Look through the entries below for the string "units", and copy each line where it is found.

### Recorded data
···

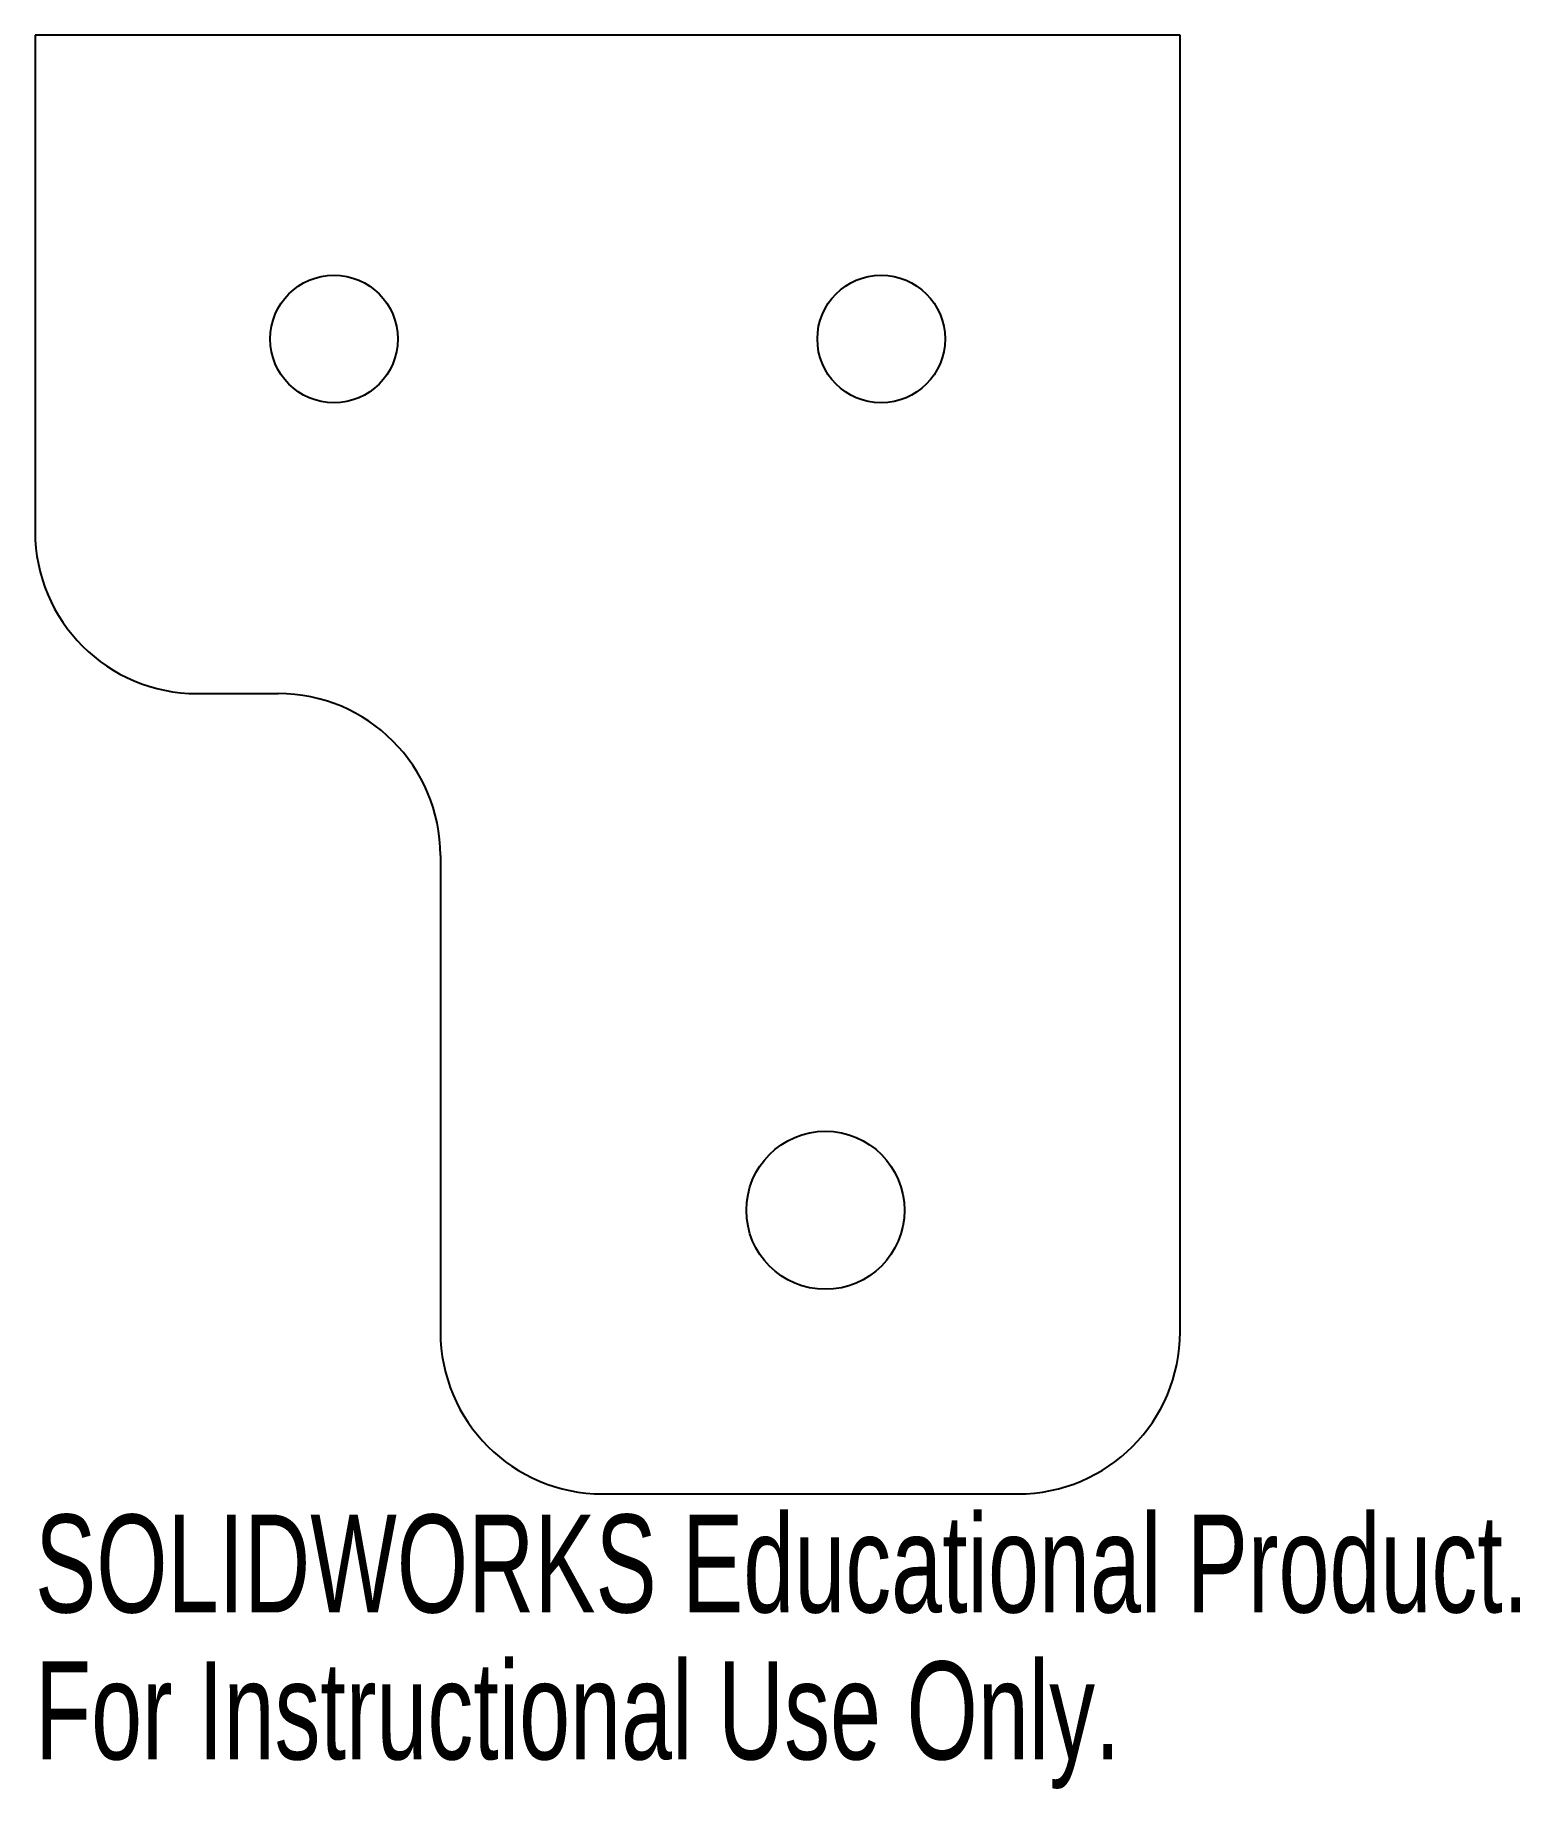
# Model space of a CAD drawing. Header units: millimetres. Extents: x -56.5 to 16.8, y -14.6 to 72.
import ezdxf

# ---------------------------------------------------------------- set-up
doc = ezdxf.new("R2010")
doc.units = ezdxf.units.MM
doc.styles.add('SLDTEXTSTYLE0', font='TXT', dxfattribs={"width": 0.7})

msp = doc.modelspace()

# ---------------------------------------------------------------- linework, layer by layer
at = {"color": 7, "linetype": 'Continuous', "lineweight": 25}
for p, q in [((-56.5, 72), (-56.5, 47.5)), ((0, 72), (-56.5, 72)), ((0, 8), (0, 72)), ((-48.5, 39.5), (-44.5, 39.5)), ((-36.5, 31.5), (-36.5, 8)), ((-28.5, 0), (-8, 0))]:
    msp.add_line(p, q, dxfattribs=at)
for centre, radius in [((-41.75, 57), 3.15), ((-14.75, 57), 3.15), ((-17.5, 13.998), 3.9)]:
    msp.add_circle(centre, radius, dxfattribs=at)
for centre, start, end in [((-48.5, 47.5), 180, 270), ((-44.5, 31.5), 0, 90), ((-28.5, 8), 180, 270), ((-8, 8), 270, 0)]:
    msp.add_arc(centre, 8, start, end, dxfattribs=at)

# ---------------------------------------------------------------- texts
at = {"color": 7, "linetype": 'Continuous', "char_height": 4.83362, "attachment_point": 1, "style": 'SLDTEXTSTYLE0'}
for s, insert in [('SOLIDWORKS Educational Product.', (-56.5, -1.02)), ('For Instructional Use Only.', (-56.5, -8.27))]:
    msp.add_mtext(s, dxfattribs=dict(at, insert=insert))

doc.saveas('drawing.dxf')

···

### Exercise output
# Model space of a CAD drawing. Header units: millimetres. Extents: x -56.5 to 16.8, y -14.6 to 72.
doc.units = ezdxf.units.MM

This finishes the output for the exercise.